I currently live in a corner of the world where there are no horizons. Instead, great mouthfuls of sky are chewed by these first western Alps, each mountain, each ridgeline lessening the percentage of stars I can see, obscuring incoming weather and hiding the rising and setting of the sun. By the time she appears, it is already morning, when she disappears, it is evening, with still hours of daylight. In the middle of winter, the sun only appears in our sky near noon and then “sets” a very, very short time later.
For a long time, I didn’t realise how ingrained within me being able to watch the sun rise or set actually is. It is like the salt of the ocean, something mixed in my blood, something which is important but also hidden, tantalising with hint, but rarely obvious until I see the sun set or rise over water and realise what has been lacking in my life. Essentially, like that salt, it is only when I need a fresh transfusion that I notice the lack.
A part of the reason for this is that I have been lucky enough to spend much of my life in places with big skies, or places where the worlds of land and sea meet, an expanse of water and sky eagerly awaiting whatever art the sun shall create and both dawn and dusk.
Living in Caithness, the sunrises in particular were memorable, living in Stenness in Orkney, it was the sunsets which could be jaw-droppingly stunning.
Too often, I have seen people on social media bemoaning the fact a friend posted yet another sunset photo—it’s not original, they say, share something else! How wrong this is—each sunset, each sunrise, is unique. Each photo taken will be different to every other. There is something within us, something ancient, which makes us pause and watch and seek to record that memory. Sometimes, the sun can cast too powerful a spell, and you stand, camera or phone in hand, forgetting to press the button.
Once, on a holiday in Orkney, with my parents, some of my five sisters, and Orlando the sprocker spaniel—long after moving away from the islands, but not too long before I left Scotland to try and chase down other sunrises and sunsets on a more global scale—Orlando and I walked out early, as was our habit, before the dawn. This was April, on the coast of Rendall (the parish which shares the surname of the character in last week’s well-received story) and, as such at that latitude, the sun was already rising north of east.

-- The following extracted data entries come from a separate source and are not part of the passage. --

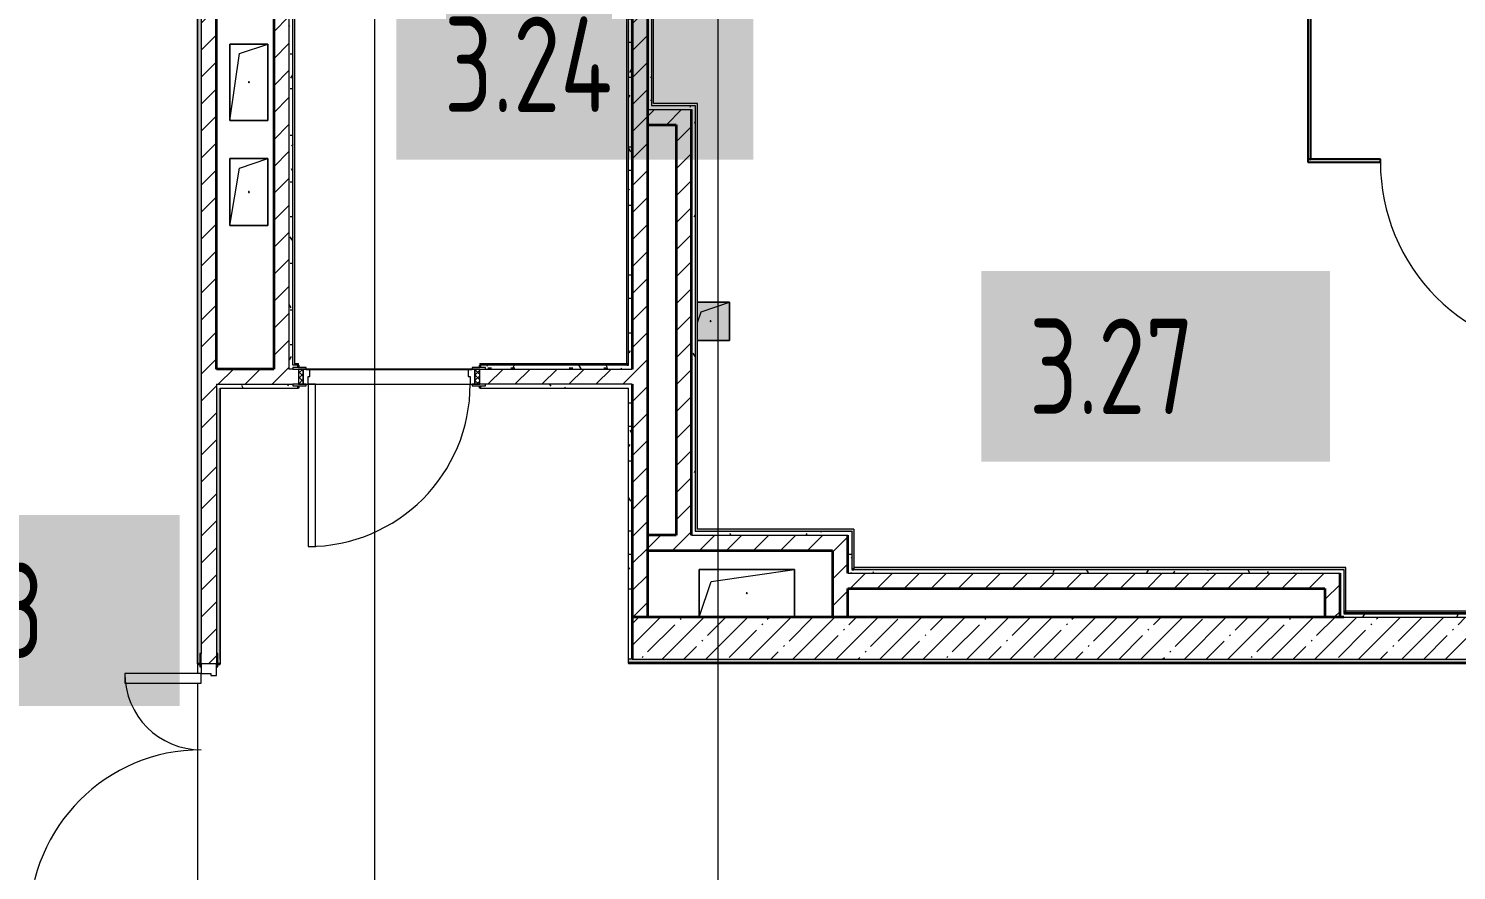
# Model space of a CAD drawing. Header units: millimetres. Extents: x 3914 to 443608, y -156176 to 78197.
# Drawn here: x 406465 to 413950, y -141904 to -137493 of the extents above; entities that cross this region are included whole.
import ezdxf

# ---------------------------------------------------------------- set-up
doc = ezdxf.new("R2010")
doc.units = ezdxf.units.MM
doc.linetypes.add('200_ШТРИХ__ш1_п0_6_', pattern=[160, 100, -60])
doc.layers.add('A-AREA-PATT-3', color=7, linetype='Continuous', lineweight=5, true_color=0xe6fae8, transparency=1)
for name, color, linetype, lineweight in [('A-DOOR-1', 7, 'Continuous', 5), ('A-DOOR-2', 7, '200_ШТРИХ__ш1_п0_6_', 5), ('A-DOOR-FRAM-2', 7, 'Continuous', 5), ('A-FLOR', 7, 'Continuous', 9), ('A-GENM', 7, 'Continuous', 9), ('A-GENM-1', 7, 'Continuous', 25), ('A-WALL', 7, 'Continuous', 5), ('A-WALL-1', 7, 'Continuous', 35), ('I-WALL', 7, 'Continuous', 5), ('Оси', 7, 'Continuous', 9)]:
    doc.layers.add(name, color=color, linetype=linetype, lineweight=lineweight)
doc.layers.add('A-DOOR-FRAM-1', color=7, linetype='Continuous', lineweight=5, true_color=0xc0c0c0)
doc.layers.add('A-WALL-FNSH-1', color=9, linetype='Continuous', lineweight=5, true_color=0x808080)
doc.styles.add('СПДС', font='ГОСТ тип А.ttf', dxfattribs={"width": 0.9})
pattern_1 = [(45, (315419.7002605966, -145976.6792454126), (-70.71067811865476, 70.71067811865476), [])]
pattern_2 = [(0, (315419.7002605966, -145976.6792454126), (243.84, 60.96), [20.117, -162.763, 20.117, -162.763, -975.36]), (0, (315419.7002605966, -145976.6792454126), (243.84, 60.96), [-365.76, 20.117, -345.643, 20.117, -162.763, -426.72]), (0, (315419.7002605966, -145976.6792454126), (243.84, 60.96), [-914.4, 20.117, -101.803, 20.117, -284.683]), (120, (315511.1402605966, -145946.1992454126), (-174.7129086146993, 180.6916344587976), [20.11699999999998, -162.7629999999999, 20.11699999999998, -162.7629999999999, -975.3599999999994]), (120, (315511.1402605966, -145946.1992454126), (-174.7129086146993, 180.6916344587976), [-365.7599999999997, 20.11699999999998, -345.6429999999997, 20.11699999999998, -162.7629999999999, -426.7199999999997]), (120, (315511.1402605966, -145946.1992454126), (-174.7129086146993, 180.6916344587976), [-914.3999999999994, 20.11699999999998, -101.8029999999999, 20.11699999999998, -284.6829999999997]), (240, (315541.6202605966, -145824.2792454126), (-69.12709138530056, -241.6516344587975), [20.117, -162.763, 20.117, -162.763, -975.36]), (240, (315541.6202605966, -145824.2792454126), (-69.12709138530056, -241.6516344587975), [-365.76, 20.117, -345.643, 20.117, -162.763, -426.72]), (240, (315541.6202605966, -145824.2792454126), (-69.12709138530056, -241.6516344587975), [-914.4, 20.117, -101.803, 20.117, -284.683])]

# ---------------------------------------------------------------- blocks, each defined once
blk = doc.blocks.new('GM_Отверстие прямоугольное _в плите_ - Отверстие-20657929-Объем проектирования 3 этажа')
at = {"layer": 'A-GENM'}
for p, q in [((-249.9999999999993, -125.0000000000024), (-249.9999999999993, 125.0000000000024)), ((-249.9999999999993, 125.0000000000024), (250.0000000000006, 125.0000000000024)), ((250.0000000000006, 125.0000000000024), (-249.9999999999993, 125.0000000000024)), ((-249.9999999999993, 125.0000000000024), (-249.9999999999993, -125.0000000000024)), ((-187.5000000000065, 62.50000000000037), (250.0000000000006, 125.0000000000024)), ((250.0000000000006, 125.0000000000024), (250.0000000000006, -125.0000000000024)), ((250.0000000000006, -125.0000000000024), (250.0000000000006, 125.0000000000024)), ((-249.9999999999993, -125.0000000000024), (-187.5000000000065, 62.50000000000036))]:
    blk.add_line(p, q, dxfattribs=at)
for start, end in [(359.9999999999996, 179.9999999999998), (179.9999999999998, 359.9999999999989)]:
    blk.add_arc((0, 0), 2.500000000000002, start, end, dxfattribs=at)
blk = doc.blocks.new('GM_Отверстие прямоугольное _в плите_ - Отверстие-V589-Объем проектирования 3 этажа')
at = {"layer": 'A-GENM'}
for p, q in [((-69.00001788210257, 100.0000000000029), (100.0000000000125, 100.0000000000029)), ((100.0000000000006, 100.0000000000024), (-69.00001788209437, 100.0000000000024)), ((-50.00000000001813, 50.00000000000061), (100.0000000000125, 100.0000000000029)), ((100.0000000000125, 100.0000000000029), (100.0000000000125, -100.0000000000029)), ((100.0000000000006, -100.0000000000024), (100.0000000000006, 100.0000000000024)), ((-69.00001788210876, -7.00005364628042), (-50.00000000001813, 50.00000000000061)), ((100.0000000000125, -100.0000000000029), (-69.00001788210254, -100.0000000000029)), ((-69.00001788209437, -100.0000000000024), (100.0000000000006, -100.0000000000024))]:
    blk.add_line(p, q, dxfattribs=at)
for start, end in [(359.9999999999996, 179.9999999999998), (179.9999999999998, 359.9999999999989)]:
    blk.add_arc((0, 0), 2.500000000000002, start, end, dxfattribs=at)
blk = doc.blocks.new('GM_Отверстие прямоугольное _в плите_ - Отверстие-21958801-Объем проектирования 3 этажа')
at = {"layer": 'A-GENM'}
for p, q in [((-99.99999999999937, -175.0000000000018), (-99.99999999999937, 175.0000000000018)), ((-99.99999999999937, 175.0000000000017), (100.0000000000006, 175.0000000000017)), ((100.0000000000006, 175.0000000000017), (-99.99999999999937, 175.0000000000018)), ((-99.99999999999937, 175.0000000000018), (-99.9999999999994, -175.0000000000018)), ((-50.00000000000646, 124.9999999999998), (100.0000000000006, 175.0000000000017)), ((100.0000000000006, 175.0000000000017), (100.0000000000006, -175.0000000000018)), ((100.0000000000006, -175.0000000000018), (100.0000000000006, 175.0000000000017)), ((-99.99999999999937, -175.0000000000018), (-50.00000000000646, 124.9999999999997)), ((100.0000000000006, -175.0000000000018), (-99.9999999999994, -175.0000000000018)), ((-99.9999999999994, -175.0000000000018), (100.0000000000006, -175.0000000000018))]:
    blk.add_line(p, q, dxfattribs=at)
for start, end in [(359.9999999999996, 179.9999999999998), (179.9999999999998, 359.9999999999989)]:
    blk.add_arc((0, 0), 2.500000000000002, start, end, dxfattribs=at)
blk = doc.blocks.new('GM_Отверстие прямоугольное _в плите_ - Отверстие-21992361-Объем проектирования 3 этажа')
at = {"layer": 'A-GENM'}
for p, q in [((-99.99999999999937, -200.0000000000024), (-99.99999999999937, 200.0000000000024)), ((-99.99999999999937, 200.0000000000024), (100.0000000000006, 200.0000000000024)), ((100.0000000000006, 200.0000000000024), (-99.99999999999937, 200.0000000000024)), ((-99.99999999999937, 200.0000000000024), (-99.9999999999994, -200.0000000000024)), ((-99.99999999999937, -200.0000000000024), (-50.00000000000646, 150.0000000000004)), ((-50.00000000000646, 150.0000000000004), (100.0000000000006, 200.0000000000024)), ((100.0000000000006, 200.0000000000024), (100.0000000000006, -200.0000000000024)), ((100.0000000000006, -200.0000000000024), (100.0000000000006, 200.0000000000024)), ((100.0000000000006, -200.0000000000024), (-99.9999999999994, -200.0000000000024)), ((-99.9999999999994, -200.0000000000024), (100.0000000000006, -200.0000000000024))]:
    blk.add_line(p, q, dxfattribs=at)
for start, end in [(359.9999999999996, 179.9999999999998), (179.9999999999998, 359.9999999999989)]:
    blk.add_arc((0, 0), 2.500000000000002, start, end, dxfattribs=at)
blk = doc.blocks.new('131_Сантехническая перегородка 7 - СП-1-30858579-Объем проектирования 3 этажа')
at = {"layer": 'A-GENM'}
blk.add_hatch(color=256, dxfattribs=at).paths.add_polyline_path([(2165.920240759632, -7.999999999894226), (2165.920240759632, 8.000000000119462), (-4.079759240377235, 8.000000000119462), (-4.079759240377235, -7.999999999894226), (1268.034417524867, -7.999999999894226)])
at = {"layer": 'A-GENM', "flags": 128}
for points in [[(71.46526649770827, 8.000000000119462), (71.1351351762623, 8.504365138934554), (70.7850986985447, 8.995125107675632), (70.41571704829244, 9.471494795118634), (70.02758115734245, 9.932712111378851), (69.62131196029736, 10.37803920711535), (69.19755940123305, 10.80676365397744), (68.75700139385172, 11.21819958431797), (68.30034273695146, 11.61168878840631), (67.828313986997, 11.98660176747762), (67.34167028928155, 12.34233874071269), (66.84119016989757, 12.67833060484877), (66.327674290301, 12.99403984460228), (65.80194416635736, 13.28896139249996), (65.26484085407029, 13.56262343702697), (64.71722360422737, 13.81458817723797), (64.15996848755745, 14.04445252332885), (63.59396699337922, 14.25184874136717), (63.02012460336996, 14.43644504164418), (62.43935934291454, 14.59794610947029), (61.85260031254698, 14.73609357758237), (61.26078620156377, 14.85066643950445), (60.66486378626905, 14.94148140311681), (60.06578641543334, 15.00839318380981), (59.46451248502749, 15.05129473701441), (58.86200390507352, 15.07011742943378), (58.25922456079502, 15.06483114875077), (57.65713877054514, 15.03544435188046), (57.05670974314535, 14.98200405145594), (56.45889803695691, 14.90459574053011), (55.86466002317975, 14.80334325589183), (55.27494635589119, 14.67840857992724), (54.69070045112871, 14.52999158145931), (54.11285697773706, 14.3583296960162), (53.54234036198932, 14.16369754603075), (52.98006330877165, 13.94640650138699), (52.42692534142789, 13.7068041814226), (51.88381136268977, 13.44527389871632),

That morning, I remember standing by the beach, surrounded by flowers of sea pinks and lesser and greater celandine, as a great ball of red fire rose between the islands of Gairsay and Shapinsay, so swift that I could track it with my eyes, its brilliance not yet strong enough to deter staring, so near I felt I could almost reach out and pluck her from the sky. Orlando sat beside me, seemingly also entranced by the spectacle, clouds above pink candyfloss, oddly calm sea slashed by a widening scarlet fissure. In scant heartbeats, it was over and the spell broken, but the memory is as strong today as it ever has been. It was extraordinary, more so because the sight was unexpected, little hint until it was there—and Orlando and I seemingly the only ones in the world to give witness.
When I lived in the woods for those months—the first time, back in 2010—the shelter I built had its door deliberately facing to the dawn, echoing the Bronze Age roundhouses I was lucky enough to help dig, out on South Uist to the west1. I could climb the rock to the left of the door and watch the sun set, charting a progression southward over the time I was out there, from September to December. Sometimes, the reflections, the intensity of the colours, and the sheer, often bloody, hope the sun brought, each and every day, raised tears in my eyes and pulled a gasp from my lips. Like a good display of Merry Dancers—Northern Lights, or Aurora Borealis—the natural world once again gifting thrill after thrill.
Being on the edges of the land, on the edge of the ocean, means our views are clear, sightlines expansive and colours rich and vibrant. I miss this, I miss the hemisphere canvas of water and sky. The mountains and forests and snows and wolves are wonderful, but I sometimes find myself craving that moment where our planet merrily wobbles around, throwing the sun into our sky or down into the ocean, over and over, each an opportunity to thrill, each an opportunity for us to provide witness and, crucially, each an opportunity to fill us all with unadulterated joy—if only we let it.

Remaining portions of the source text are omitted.